It’s a stubborn fact that the majority of working-age Americans with disabilities can’t find a job, or enjoy the independence a paycheck delivers. But New Jersey-based GettingHired is hoping to change things with its just-launched Web portal, a job-search database that encourages employers to pay an annual fee to get their openings in front of this under-tapped talent pool.
Retired textile executive Tom Muscalino (pictured) leads a Bedminster-based team that has spent the past two years figuring out how to fully load a Web portal for job hunting by people with disabilities. The site, GettingHired.com, brings together employers, including Public Service Enterprise Group, of Newark, and Summit-based Celgene, with advocates for the disabled, including Easter Seals and Goodwill Industries.
Also signing on to the GettingHired.com community are service providers who provide training, technology and other services that bridge the gap between a disability and a job.
“We thought if we could provide a platform where all of these stakeholders come together and join forces, we could potentially make a huge difference in this unacceptably high rate of unemployment,” said Muscalino, chief operating officer of GettingHired.
The site offers a video interview coaching program “that is totally accessible, regardless of disability, type or severity,” Muscalino said. “If you are blind, it turns everything into spoken word; if you’re deaf, it turns everything into script.”
There’s also a 70-question career self-assessment to help applicants decide which jobs are right for them, plus job-matching technology, volunteer mentors and social networking. Everything at GettingHired.com is free to the job seeker.
Applicants are not asked to identify their disability on their GettingHired.com profile. “It is illegal for employers to inquire about an applicant’s disability,” Muscalino said. “Our portal is not about somebody’s disabilities, it’s about their talents and backgrounds and interests.”
GettingHired.com was funded by private investors “who all have a personal reason for wanting to help people with disabilities,” he said.
The company’s revenue will come from the employers, charged on a sliding scale based on company size. Annual subscriptions range from $250 for firms with 10 or fewer employees, to $65,000 for firms with 75,000 or more workers.
Muscalino is the former president of the textile firm West Point Pepperell, where he worked from 1973 to 1993; he then joined Dan River and retired as president of the towel and linens maker in 2005. Muscalino said when he was in the corporate world, his companies had diversity programs for women and minorities, “but it just never occurred to any of us that we should be also tapping into this labor force.”
Employers will constantly post jobs on the site, because turnover creates job openings even during a recession. Even companies that are considered extraordinarily great places to work” will have annual turnover of 20 percent, Muscalino said. So a firm with 20,000 employees might post as many as 4,000 jobs a year on GettingHired.com.
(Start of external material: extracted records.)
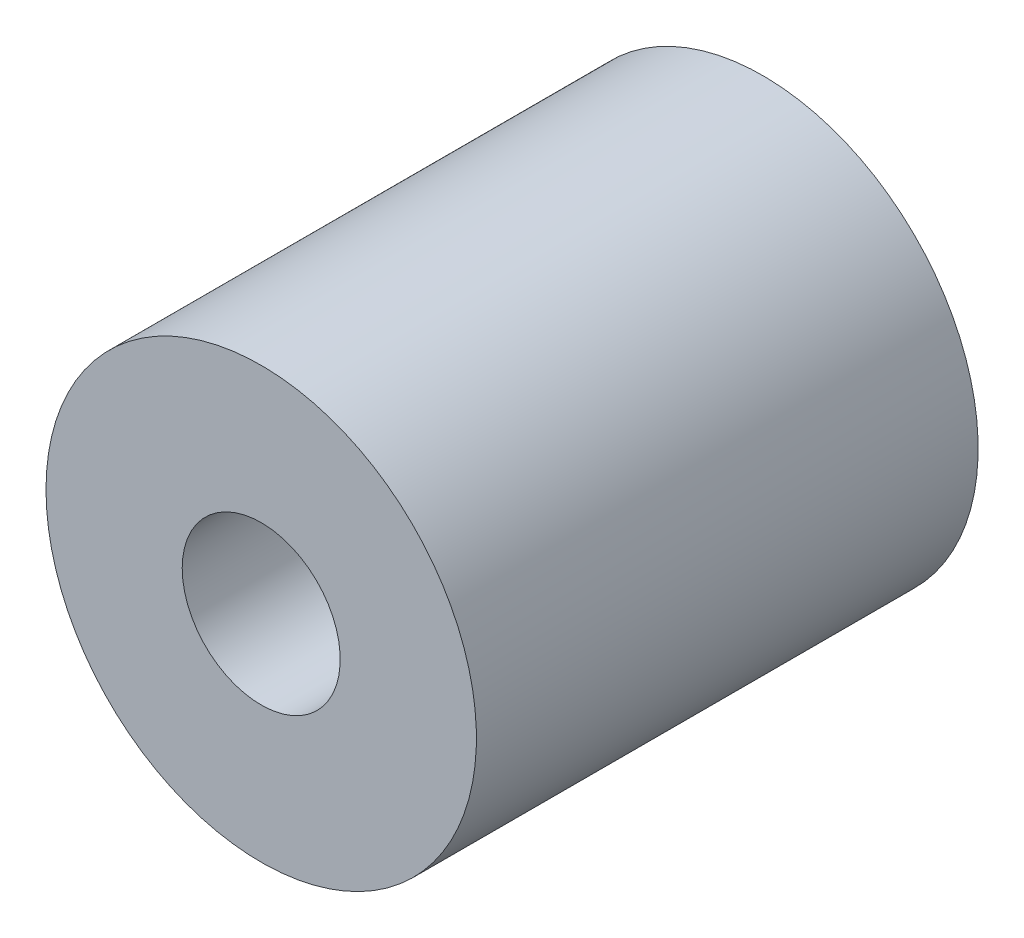
ISO-10303-21;
HEADER;
FILE_DESCRIPTION(('STEP AP214'),'2;1');
FILE_NAME('part.step','',(''),(''),'','','');
FILE_SCHEMA(('AUTOMOTIVE_DESIGN { 1 0 10303 214 1 1 1 1 }'));
ENDSEC;
DATA;
#1=APPLICATION_CONTEXT('core data for automotive mechanical design processes');
#2=APPLICATION_PROTOCOL_DEFINITION('international standard','automotive_design',2000,#1);
#3=PRODUCT_CONTEXT('',#1,'mechanical');
#4=PRODUCT('Part','Part','',(#3));
#5=PRODUCT_RELATED_PRODUCT_CATEGORY('part','',(#4));
#6=PRODUCT_DEFINITION_FORMATION('','',#4);
#7=PRODUCT_DEFINITION_CONTEXT('part definition',#1,'design');
#8=PRODUCT_DEFINITION('design','',#6,#7);
#9=PRODUCT_DEFINITION_SHAPE('','',#8);
#10=(LENGTH_UNIT() NAMED_UNIT(*) SI_UNIT(.MILLI.,.METRE.));
#11=(NAMED_UNIT(*) PLANE_ANGLE_UNIT() SI_UNIT($,.RADIAN.));
#12=(NAMED_UNIT(*) SI_UNIT($,.STERADIAN.) SOLID_ANGLE_UNIT());
#13=UNCERTAINTY_MEASURE_WITH_UNIT(LENGTH_MEASURE(1.E-05),#10,'distance_accuracy_value','');
#14=(GEOMETRIC_REPRESENTATION_CONTEXT(3) GLOBAL_UNCERTAINTY_ASSIGNED_CONTEXT((#13)) GLOBAL_UNIT_ASSIGNED_CONTEXT((#10,
#11,#12)) REPRESENTATION_CONTEXT('',''));
#15=CARTESIAN_POINT('',(0.,0.,0.));
#16=DIRECTION('',(0.,0.,1.));
#17=DIRECTION('',(1.,0.,0.));
#18=AXIS2_PLACEMENT_3D('',#15,#16,#17);
#19=CARTESIAN_POINT('',(0.,0.,-21.7308816762368));
#20=DIRECTION('',(0.,0.,-1.));
#21=DIRECTION('',(-1.,0.,0.));
#22=AXIS2_PLACEMENT_3D('',#19,#20,#21);
#23=CYLINDRICAL_SURFACE('',#22,8.88999999999999);
#24=CARTESIAN_POINT('',(0.,0.,10.3632));
#25=DIRECTION('',(0.,0.,-1.));
#26=DIRECTION('',(-1.,0.,0.));
#27=AXIS2_PLACEMENT_3D('',#24,#25,#26);
#28=CIRCLE('',#27,8.88999999999999);
#29=CARTESIAN_POINT('',(-8.88999999999999,0.,10.3632));
#30=VERTEX_POINT('',#29);
#31=EDGE_CURVE('E46',#30,#30,#28,.T.);
#32=ORIENTED_EDGE('',*,*,#31,.T.);
#33=EDGE_LOOP('',(#32));
#34=FACE_BOUND('',#33,.T.);
#35=CARTESIAN_POINT('',(0.,0.,-10.3632));
#36=DIRECTION('',(0.,0.,-1.));
#37=DIRECTION('',(-1.,0.,0.));
#38=AXIS2_PLACEMENT_3D('',#35,#36,#37);
#39=CIRCLE('',#38,8.88999999999999);
#40=CARTESIAN_POINT('',(-8.88999999999999,0.,-10.3632));
#41=VERTEX_POINT('',#40);
#42=EDGE_CURVE('E10',#41,#41,#39,.T.);
#43=ORIENTED_EDGE('',*,*,#42,.F.);
#44=EDGE_LOOP('',(#43));
#45=FACE_BOUND('',#44,.T.);
#46=ADVANCED_FACE('F32',(#34,#45),#23,.T.);
#47=CARTESIAN_POINT('',(0.,8.88999999999999,-10.3632));
#48=DIRECTION('',(0.,0.,-1.));
#49=DIRECTION('',(-1.,0.,0.));
#50=AXIS2_PLACEMENT_3D('',#47,#48,#49);
#51=PLANE('',#50);
#52=ORIENTED_EDGE('',*,*,#42,.T.);
#53=EDGE_LOOP('',(#52));
#54=FACE_BOUND('',#53,.T.);
#55=CARTESIAN_POINT('',(0.,0.,-10.3632));
#56=DIRECTION('',(0.,0.,-1.));
#57=DIRECTION('',(-1.,0.,0.));
#58=AXIS2_PLACEMENT_3D('',#55,#56,#57);
#59=CIRCLE('',#58,3.2639);
#60=CARTESIAN_POINT('',(-3.2639,0.,-10.3632));
#61=VERTEX_POINT('',#60);
#62=EDGE_CURVE('E38',#61,#61,#59,.T.);
#63=ORIENTED_EDGE('',*,*,#62,.F.);
#64=EDGE_LOOP('',(#63));
#65=FACE_BOUND('',#64,.T.);
#66=ADVANCED_FACE('F62',(#54,#65),#51,.T.);
#67=CARTESIAN_POINT('',(0.,0.,-21.7308816762368));
#68=DIRECTION('',(0.,0.,-1.));
#69=DIRECTION('',(-1.,0.,0.));
#70=AXIS2_PLACEMENT_3D('',#67,#68,#69);
#71=CYLINDRICAL_SURFACE('',#70,3.2639);
#72=ORIENTED_EDGE('',*,*,#62,.T.);
#73=EDGE_LOOP('',(#72));
#74=FACE_BOUND('',#73,.T.);
#75=CARTESIAN_POINT('',(0.,0.,10.3632));
#76=DIRECTION('',(0.,0.,-1.));
#77=DIRECTION('',(-1.,0.,0.));
#78=AXIS2_PLACEMENT_3D('',#75,#76,#77);
#79=CIRCLE('',#78,3.2639);
#80=CARTESIAN_POINT('',(-3.2639,0.,10.3632));
#81=VERTEX_POINT('',#80);
#82=EDGE_CURVE('E42',#81,#81,#79,.T.);
#83=ORIENTED_EDGE('',*,*,#82,.F.);
#84=EDGE_LOOP('',(#83));
#85=FACE_BOUND('',#84,.T.);
#86=ADVANCED_FACE('F56',(#74,#85),#71,.F.);
#87=CARTESIAN_POINT('',(0.,8.88999999999999,10.3632));
#88=DIRECTION('',(0.,0.,1.));
#89=DIRECTION('',(1.,0.,0.));
#90=AXIS2_PLACEMENT_3D('',#87,#88,#89);
#91=PLANE('',#90);
#92=ORIENTED_EDGE('',*,*,#82,.T.);
#93=EDGE_LOOP('',(#92));
#94=FACE_BOUND('',#93,.T.);
#95=ORIENTED_EDGE('',*,*,#31,.F.);
#96=EDGE_LOOP('',(#95));
#97=FACE_BOUND('',#96,.T.);
#98=ADVANCED_FACE('F54',(#94,#97),#91,.T.);
#99=CLOSED_SHELL('',(#46,#66,#86,#98));
#100=MANIFOLD_SOLID_BREP('B2',#99);
#101=ADVANCED_BREP_SHAPE_REPRESENTATION('',(#18,#100),#14);
#102=SHAPE_DEFINITION_REPRESENTATION(#9,#101);
ENDSEC;
END-ISO-10303-21;

About 37 percent of adults, aged 21 to 64, with a disability are employed, according to the 2007 Disability Status Report from Cornell University.
Hannah Rudstam of Cornell’s Employment and Disability Institute will be at GettingHired on Jan. 7, presenting a four-hour workshop for business managers and human resources people. The workshop will be co-led by the Garden State Council of the Society for Human Resource Management.
“About 20 percent of the population has a disability, which means that 20 percent of an employer’s talent pool has a disability,” Rudstam said. “This is a talent pool that faces tremendous barriers to being taken seriously as job candidates.”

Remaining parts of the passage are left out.